We've found that the best results are obtained with the VQSR when it is used to build separate adaptive error models for SNPs versus INDELs:

    snp.model <- BuildErrorModelWithVQSR(raw.vcf, SNP)
    indel.model <- BuildErrorModelWithVQSR(raw.vcf, INDEL)
    recalibratedSNPs.rawIndels.vcf <- ApplyRecalibration(raw.vcf, snp.model, SNP)
    analysisReady.vcf <- ApplyRecalibration(recalibratedSNPs.rawIndels.vcf, indel.model, INDEL)

3. Notes about small whole exome projects or small target experiments

In our testing we've found that in order to achieve the best exome results one needs to use an exome callset with at least 30 samples. Also, for experiments that employ targeted resequencing of a small region (for example, a few hundred genes), VQSR may not be empowered regardless of the number of samples in the experiment. For users with experiments containing fewer exome samples or with a small target region there are several options to explore (listed in priority order of what we think will give the best results):

  • Add additional samples for variant calling, either by sequencing additional samples or using publicly available exome bams from the 1000 Genomes Project (this option is used by the Broad exome production pipeline).
  • Use the VQSR with the smaller SNP callset but experiment with the argument settings. For example, try adding --maxGaussians 4 --percentBad 0.05 to your command line. Note that this is very dependent on your dataset, and you may need to try some very different settings. It may even not work at all. Unfortunately we cannot give you any specific advice, so please do not post questions on the forum asking for help finding the right parameters.
  • Use hard filters (detailed below).

Recommendations for very small data sets (in terms of both number of samples or size of targeted regions)

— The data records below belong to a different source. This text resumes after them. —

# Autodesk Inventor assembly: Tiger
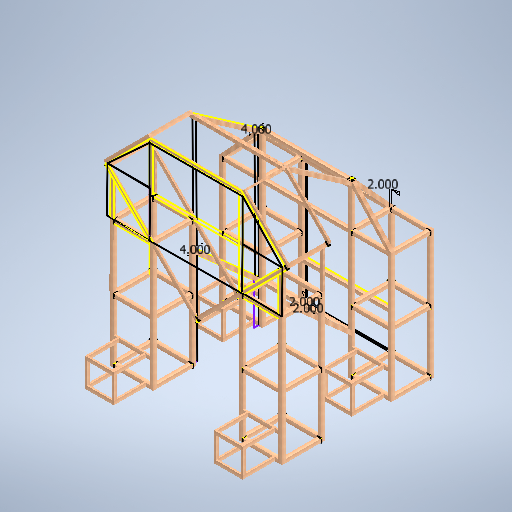
[picture p0: Inventor's stored thumbnail of the model, 512x512]
Saved by Autodesk Inventor 2025 (Build 290162000, 162)
## iProperties
Created: 2024-06-05
Part Number: Tiger
Document SubType Name: Assembly
Designer: Cupri
Mass: 180546 g
Surface Area: 136258 cm^2
Volume: 328266 cm^3
Density: 0.55 g/cm^3
Author: Cupri
## Documents named in this file (25)
- C:\Users\Cupri\OneDrive - University of South Carolina\Documents\Tiger\USCTigerBurn24\v2\Tiger.iam
- C:\Users\Cupri\OneDrive - University of South Carolina\Documents\Tiger\USCTigerBurn24\Standard Timber\4x4x72.ipt
- C:\Users\Cupri\OneDrive - University of South Carolina\Documents\Tiger\USCTigerBurn24\Standard Timber\4x4x40.ipt
- C:\Users\Cupri\OneDrive - University of South Carolina\Documents\Tiger\USCTigerBurn24\Standard Timber\2x4x36.ipt
- C:\Users\Cupri\OneDrive - University of South Carolina\Documents\Tiger\USCTigerBurn24\Standard Timber\2x4x40.ipt
- C:\Users\Cupri\OneDrive - University of South Carolina\Documents\Tiger\USCTigerBurn24\Standard Timber\2x4x24.ipt
- C:\Users\Cupri\OneDrive - University of South Carolina\Documents\Tiger\USCTigerBurn24\Standard Timber\2x4x28.ipt
- C:\Users\Cupri\OneDrive - University of South Carolina\Documents\Tiger\USCTigerBurn24\Standard Timber\2x4x72 (45 90).ipt
- C:\Users\Cupri\OneDrive - University of South Carolina\Documents\Tiger\USCTigerBurn24\Standard Timber\2x4x68 (45 90).ipt
- C:\Users\Cupri\OneDrive - University of South Carolina\Documents\Tiger\USCTigerBurn24\Standard Timber\2x4x42.343 (45 90).ipt
- C:\Users\Cupri\OneDrive - University of South Carolina\Documents\Tiger\USCTigerBurn24\Standard Timber\2x4x72 (30 90).ipt
- C:\Users\Cupri\OneDrive - University of South Carolina\Documents\Tiger\USCTigerBurn24\Standard Timber\2x4x44.ipt
- C:\Users\Cupri\OneDrive - University of South Carolina\Documents\Tiger\USCTigerBurn24\Standard Timber\4x4x104.303.ipt
- C:\Users\Cupri\OneDrive - University of South Carolina\Documents\Tiger\USCTigerBurn24\Standard Timber\4x4xidkanymore.ipt
- C:\Users\Cupri\OneDrive - University of South Carolina\Documents\Tiger\USCTigerBurn24\Standard Timber\4x4x48.ipt
- C:\Users\Cupri\OneDrive - University of South Carolina\Documents\Tiger\USCTigerBurn24\Standard Timber\4x4xigiveup.ipt
- C:\Users\Cupri\OneDrive - University of South Carolina\Documents\Tiger\USCTigerBurn24\Standard Timber\4x4x96.ipt
- C:\Users\Cupri\OneDrive - University of South Carolina\Documents\Tiger\USCTigerBurn24\Standard Timber\2x4x96.ipt
- C:\Users\Cupri\OneDrive - University of South Carolina\Documents\Tiger\USCTigerBurn24\Standard Timber\2x4xidk.ipt
- C:\Users\Cupri\OneDrive - University of South Carolina\Documents\Tiger\USCTigerBurn24\v2\Tiger\AIP\FEA\epzzwi8io.fins
- C:\Users\Cupri\OneDrive - University of South Carolina\Documents\Tiger\USCTigerBurn24\v2\Tiger\AIP\FEA\epzzwi8io.fsat
- C:\Users\Cupri\OneDrive - University of South Carolina\Documents\Tiger\USCTigerBurn24\v2\Tiger\AIP\FEA\epzzwi8io.ftes
- C:\Users\Cupri\OneDrive - University of South Carolina\Documents\Tiger\USCTigerBurn24\v2\Tiger\AIP\FEA\epzzwi8io.fwiz
- C:\Users\Cupri\OneDrive - University of South Carolina\Documents\Tiger\USCTigerBurn24\v2\Tiger\AIP\FEA\epzzwi8jk.fmsh
- C:\Users\Cupri\OneDrive - University of South Carolina\Documents\Tiger\USCTigerBurn24\v2\Tiger\AIP\FEA\epzzwi8jl.fres
## Components (160 placed, 18 different names)
1. 4x4x72:33 — Flush:163, Mate:149, Flush:164, Mate:182, Flush:229
2. 4x4x72:34 — Flush:161, Mate:148, Flush:162
3. 4x4x40:65
4. 4x4x40:66
5. 4x4x40:67
6. 4x4x40:68 — Flush:168
7. 4x4x40:69 — Flush:161
8. 4x4x40:70
9. 4x4x40:71
10. 4x4x40:72
11. 4x4x72:35 — Mate:150, Flush:165, Flush:166, Flush:224, Mate:181, Flush:227, Flush:228
12. 4x4x72:36 — Flush:158
13. 2x4x40:3
14. 2x4x36:9 — Mate:151
15. 2x4x36:10 — Flush:169, Flush:170
16. 2x4x36:11
17. 2x4x36:12
18. 2x4x24:5 — Flush:169
19. 2x4x24:6
20. 2x4x28:5 — Flush:170, Flush:200
21. 2x4x28:6 — Flush:167, Mate:151
22. 4x4x72:37 — Flush:163, Mate:149, Flush:164, Rigid:148, Flush:210, Mate:183, Flush:234
23. 4x4x72:38 — Mate:148, Flush:162
24. 4x4x40:77
25. 4x4x40:78
26. 4x4x40:79
27. 4x4x40:80 — Flush:231
28. 4x4x72:39 — Mate:150, Flush:165, Flush:166, Mate:172, Flush:215, Flush:216, Mate:184
29. 4x4x72:40 — Flush:158, Mate:173
30. 4x4x72:41
31. 4x4x72:42
32. 4x4x40:81
33. 4x4x40:82 — Flush:198
34. 4x4x40:83 — Flush:199
35. 4x4x40:84
36. 4x4x40:85
37. 4x4x40:86
38. 4x4x40:87
39. 4x4x40:88
40. 4x4x72:43
41. 4x4x72:44 — Flush:223
42. 2x4x40:4
43. 2x4x36:13
44. 2x4x36:14
45. 2x4x36:15
46. 2x4x36:16
47. 2x4x24:7
48. 2x4x24:8
49. 2x4x28:7 — Flush:200
50. 2x4x28:8
51. 4x4x72:45 — Flush:207
52. 4x4x72:46 — Flush:205, Rigid:147, Flush:211
53. 4x4x40:89 — Flush:206, Flush:212
54. 4x4x40:90 — Flush:208, Flush:209, Mate:176
55. 4x4x40:91 — Flush:205, Flush:207
56. 4x4x40:92 — Flush:206
57. 4x4x72:47 — Flush:208
58. 4x4x72:48 — Flush:209, Mate:171, Flush:213, Flush:214
59. 4x4x104.303:1 — Flush:221, Flush:222, Flush:224
60. 4x4x104.303:2 — Mate:179, Flush:220, Flush:221, Flush:222, Flush:223
61. 4x4xidkanymore:1 — Rigid:147, Flush:211, Flush:212
62. 4x4xidkanymore:2 — Rigid:148, Flush:210
63. 4x4x48:1 — Mate:172, Flush:215, Flush:216, Mate:174, Flush:217, Mate:180, Flush:225, Rigid:149, Flush:233, Mate:185, Flush:235, Flush:236
64. 4x4x48:2 — Mate:171, Flush:213, Flush:214, Mate:175, Flush:218, Rigid:150, Flush:226
65. 4x4xidkanymore:3 — Mate:173, Mate:174, Flush:217
66. 4x4xidkanymore:4 — Mate:175, Flush:218, Mate:176
67. 4x4xigiveup:1 — Mate:180, Flush:225, Rigid:149, Mate:186
68. 4x4xigiveup:2 — Rigid:150, Flush:226, Flush:237, Mate:187, Mate:188
69. 4x4x96:1 — Mate:183, Flush:231, Flush:232, Flush:234
70. 4x4x96:2 — Mate:184, Flush:232, Flush:233
71. 4x4x96:3 — Mate:181, Flush:227, Flush:228, Flush:230
72. 4x4x96:4 — Mate:182, Flush:229, Flush:230
73. 4x4x96:5 — Mate:185, Flush:235, Flush:236
74. 2x4x96:1 — Mate:186, Flush:237, Mate:187, Mate:188, Mate:191
75. 2x4xidk:1 — Mate:189, Mate:190, Mate:191, Flush:241
76. 2x4xidk:2 — Mate:192, Flush:240, Flush:241
77. 4x4x72:1 — Rigid:1, Rigid:3, Rigid:10, Rigid:11, Flush:39
78. 4x4x72:2 — Rigid:2, Rigid:4, Rigid:8
79. 4x4x40:1 — Rigid:1, Rigid:2
80. 4x4x40:2 — Rigid:3, Rigid:5, Flush:38, Mate:36
81. 4x4x40:3 — Rigid:6, Mate:5, Mate:6, Flush:4, Flush:5, Flush:19, Flush:20
82. 4x4x40:4 — Rigid:4, Rigid:7
83. 4x4x40:5 — Rigid:8
84. 4x4x40:6 — Rigid:9
85. 4x4x40:7 — Rigid:11
86. 4x4x40:8 — Rigid:10
87. 4x4x72:3 — Rigid:5, Rigid:6, Rigid:9, Mate:4, Flush:3, Mate:81
88. 4x4x72:4 — Rigid:7, Mate:7, Flush:21, Flush:22, Flush:159, Flush:160
89. 4x4x40:9
90. 4x4x40:10
91. 4x4x40:12 — Flush:168
92. 2x4x40:1 — Mate:4, Flush:3, Mate:5, Mate:8, Flush:6, Mate:9, Flush:7, Flush:17, Flush:18, Mate:81
93. 2x4x36:1 — Mate:6, Flush:4, Rigid:24, Flush:19, Flush:23
94. 2x4x36:2 — Mate:8, Flush:6, Flush:17, Mate:26, Mate:82
95. 2x4x36:3 — Mate:9, Flush:7, Mate:10, Rigid:26, Flush:18, Flush:21
96. 2x4x36:4 — Mate:7, Flush:5, Mate:10, Rigid:25, Rigid:27, Flush:20, Flush:22
97. 2x4x24:1 — Rigid:24, Mate:82
98. 2x4x24:2 — Rigid:25
99. 2x4x28:1 — Rigid:26, Mate:26
100. 2x4x28:2 — Rigid:27, Flush:23, Flush:167
101. 4x4x72:17 — Mate:62, Flush:65, Mate:63, Flush:91, Flush:92
102. 4x4x72:18 — Mate:64, Flush:66, Flush:90, Mate:76
103. 4x4x40:37 — Mate:75, Flush:89, Flush:90, Mate:76
104. 4x4x40:38 — Flush:85, Flush:86, Mate:74
105. 4x4x40:39 — Flush:92
106. 4x4x40:40 — Flush:91
107. 4x4x72:19 — Mate:38, Flush:41, Rigid:105, Mate:41, Flush:43, Flush:45, Flush:83, Flush:84, Flush:85
108. 4x4x72:20 — Mate:44, Flush:49, Flush:86, Flush:87, Mate:74, Mate:75, Flush:89, Flush:159, Flush:160
109. 4x4x72:21
110. 4x4x72:22 — Flush:39, Mate:77, Mate:179
111. 4x4x40:41
112. 4x4x40:42 — Flush:198
113. 4x4x40:43
114. 4x4x40:44 — Flush:38, Mate:36
115. 4x4x40:45
116. 4x4x40:46
117. 4x4x40:47
118. 4x4x40:48
119. 4x4x72:23 — Mate:78
120. 4x4x72:24
121. 4x4x40:49 — Flush:199
122. 4x4x40:50
123. 4x4x40:52
124. 2x4x40:2 — Mate:78, Mate:79, Mate:80
125. 2x4x36:5
126. 2x4x36:6 — Flush:50, Mate:47, Mate:80, Flush:95, Flush:96
127. 2x4x36:7 — Flush:93, Flush:94
128. 2x4x36:8
129. 2x4x24:3 — Mate:79
130. 2x4x24:4 — Flush:93, Flush:94
131. 2x4x28:3 — Flush:50, Mate:47, Flush:95, Flush:96
132. 2x4x28:4
133. 4x4x72:29 — Mate:57, Flush:57, Flush:58
134. 4x4x72:30 — Mate:58, Mate:60, Flush:60, Mate:77, Mate:178, Flush:220
135. 4x4x40:61
136. 4x4x40:62 — Flush:79, Flush:81, Mate:72
137. 4x4x40:63 — Flush:219, Mate:177, Mate:178
138. 4x4x40:64 — Mate:73
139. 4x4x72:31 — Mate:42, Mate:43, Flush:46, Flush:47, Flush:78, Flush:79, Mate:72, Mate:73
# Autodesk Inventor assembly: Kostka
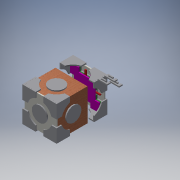
[picture p0: Inventor's stored thumbnail of the model, 180x180]
Saved by Autodesk Inventor 2018 (Build 220112000, 112)
## iProperties
Created: 2018-10-22
Part Number: Kostka
Material: Ogólny
Document SubType Name: Assembly
Designer: EWA
Author: EWA
## Documents named in this file (6)
- C:\Users\EWA\Documents\Inventor\Kostka\Kostka.iam
- C:\Users\EWA\Documents\Inventor\Kostka\Puszka.iam
- C:\Users\EWA\Documents\Inventor\Kostka\Naroznik.iam
- C:\Users\EWA\Documents\Inventor\Kostka\Mechanizm.iam
- C:\Users\EWA\Documents\Inventor\Kostka\Uchwyt_80.ipt
- C:\Users\EWA\Documents\Inventor\Kostka\Zamkek_puszka.ipt
## Components (19 placed, 5 different names)
1. Puszka:1 [sub-assembly] — Zestawiający:1, Zestawiający:2, Zestawiający:3, Zestawiający:4, Zestawiający:5, Zestawiający:6, Zestawiający:7, Zestawiający:8, Zestawiający:9, Zestawiający:10, Zestawiający:11, Zestawiający:12, Zestawiający:13, Sztywne:1, Sztywne:2, Sztywne:3, Sztywne:4, Sztywne:5, Zestawiający:26, Równoległy:3
2. Naroznik:1 [sub-assembly] — Zestawiający:6, Zestawiający:8, Zestawiający:12, Zestawiający:13
3. Naroznik:2 [sub-assembly] — Zestawiający:3, Zestawiający:4, Zestawiający:9
4. Naroznik:3 [sub-assembly] — Zestawiający:1, Zestawiający:7, Zestawiający:11, Równoległy:1, Równoległy:2
5. Naroznik:4 [sub-assembly] — Zestawiający:2, Zestawiający:5, Zestawiający:10
6. Uchwyt_80:1 — Sztywne:1
7. Mechanizm:1 [sub-assembly] — Zestawiający:14, Zestawiający:15, Zestawiający:16, Zestawiający:17, Zestawiający:18, Zestawiający:19, Zestawiający:20, Zestawiający:21, Zestawiający:22, Zestawiający:23, Zestawiający:24, Zestawiający:25
8. Naroznik:5 [sub-assembly] — Zestawiający:14, Zestawiający:15, Zestawiający:16
9. Naroznik:6 [sub-assembly] — Zestawiający:17, Zestawiający:18, Zestawiający:19, Równoległy:1, Równoległy:2
10. Naroznik:7 [sub-assembly] — Zestawiający:20, Zestawiający:21, Zestawiający:22
11. Naroznik:8 [sub-assembly] — Zestawiający:23, Zestawiający:24, Zestawiający:25
12. Uchwyt_80:2 — Sztywne:2
13. Uchwyt_80:3 — Sztywne:3
14. Uchwyt_80:4 — Sztywne:5
15. Uchwyt_80:6 — Sztywne:4
16. Zamkek_puszka:1 — Zestawiający:26, Równoległy:3
17. Zamkek_puszka:2
18. Zamkek_puszka:3
19. Zamkek_puszka:4
## Relationships (34: Mate 26, WeldJoint 5, Flush 3)
- Zestawiający:1 [Mate]: Puszka:1 ↔ Naroznik:3
- Zestawiający:2 [Mate]: Puszka:1 ↔ Naroznik:4
- Zestawiający:3 [Mate]: Puszka:1 ↔ Naroznik:2
- Zestawiający:4 [Mate]: Puszka:1 ↔ Naroznik:2
- Zestawiający:5 [Mate]: Puszka:1 ↔ Naroznik:4
- Zestawiający:6 [Mate]: Puszka:1 ↔ Naroznik:1
- Zestawiający:7 [Mate]: Puszka:1 ↔ Naroznik:3
- Zestawiający:8 [Mate]: Puszka:1 ↔ Naroznik:1
- Zestawiający:9 [Mate]: Puszka:1 ↔ Naroznik:2
- Zestawiający:10 [Mate]: Puszka:1 ↔ Naroznik:4
- Zestawiający:11 [Mate]: Puszka:1 ↔ Naroznik:3
- Zestawiający:12 [Mate]: Puszka:1 ↔ Naroznik:1
- Zestawiający:13 [Mate]: Puszka:1 ↔ Naroznik:1
- Sztywne:1 [WeldJoint]: Puszka:1 ↔ Uchwyt_80:1
- Zestawiający:14 [Mate]: Mechanizm:1 ↔ Naroznik:5
- Zestawiający:15 [Mate]: Mechanizm:1 ↔ Naroznik:5
- Zestawiający:16 [Mate]: Mechanizm:1 ↔ Naroznik:5
- Zestawiający:17 [Mate]: Mechanizm:1 ↔ Naroznik:6
- Zestawiający:18 [Mate]: Mechanizm:1 ↔ Naroznik:6
- Zestawiający:19 [Mate]: Mechanizm:1 ↔ Naroznik:6
- Zestawiający:20 [Mate]: Mechanizm:1 ↔ Naroznik:7
- Zestawiający:21 [Mate]: Mechanizm:1 ↔ Naroznik:7
- Zestawiający:22 [Mate]: Mechanizm:1 ↔ Naroznik:7
- Zestawiający:23 [Mate]: Mechanizm:1 ↔ Naroznik:8
- Zestawiający:24 [Mate]: Mechanizm:1 ↔ Naroznik:8
- Zestawiający:25 [Mate]: Mechanizm:1 ↔ Naroznik:8
- Sztywne:2 [WeldJoint]: Puszka:1 ↔ Uchwyt_80:2
- Sztywne:3 [WeldJoint]: Puszka:1 ↔ Uchwyt_80:3
- Sztywne:4 [WeldJoint]: Puszka:1 ↔ Uchwyt_80:6
- Sztywne:5 [WeldJoint]: Puszka:1 ↔ Uchwyt_80:4
- Równoległy:1 [Flush]: Naroznik:3 ↔ Naroznik:6
- Równoległy:2 [Flush]: Naroznik:3 ↔ Naroznik:6
- Zestawiający:26 [Mate]: Puszka:1 ↔ Zamkek_puszka:1
- Równoległy:3 [Flush]: Puszka:1 ↔ Zamkek_puszka:1

These recommended arguments for VariantFiltration are only to used when ALL other options are not available:

You will need to compose filter expressions (see here, here and here for details) to filter on the following annotations and values:

For SNPs:

  • QD < 2.0
  • MQ < 40.0
  • FS > 60.0
  • HaplotypeScore > 13.0
  • MQRankSum < -12.5
  • ReadPosRankSum < -8.0

For indels:

  • QD < 2.0
  • ReadPosRankSum < -20.0
  • InbreedingCoeff < -0.8
  • FS > 200.0

Note that the InbreedingCoeff statistic is a population-level calculation that is only available with 10 or more samples. If you have fewer samples you will need to omit that particular filter statement.

For shallow-coverage (<10x): you cannot use filtering to reliably separate true positives from false positives. You must use the protocol involving variant quality score recalibration.

The maximum DP (depth) filter only applies to whole genome data, where the probability of a site having exactly N reads given an average coverage of M is a well-behaved function. First principles suggest this should be a binomial sampling but in practice it is more a Gaussian distribution. Regardless, the DP threshold should be set a 5 or 6 sigma from the mean coverage across all samples, so that the DP > X threshold eliminates sites with excessive coverage caused by alignment artifacts. Note that for exomes, a straight DP filter shouldn't be used because the relationship between misalignments and depth isn't clear for capture data.

That said, all of the caveats about determining the right parameters, etc, are annoying and are largely eliminated by variant quality score recalibration.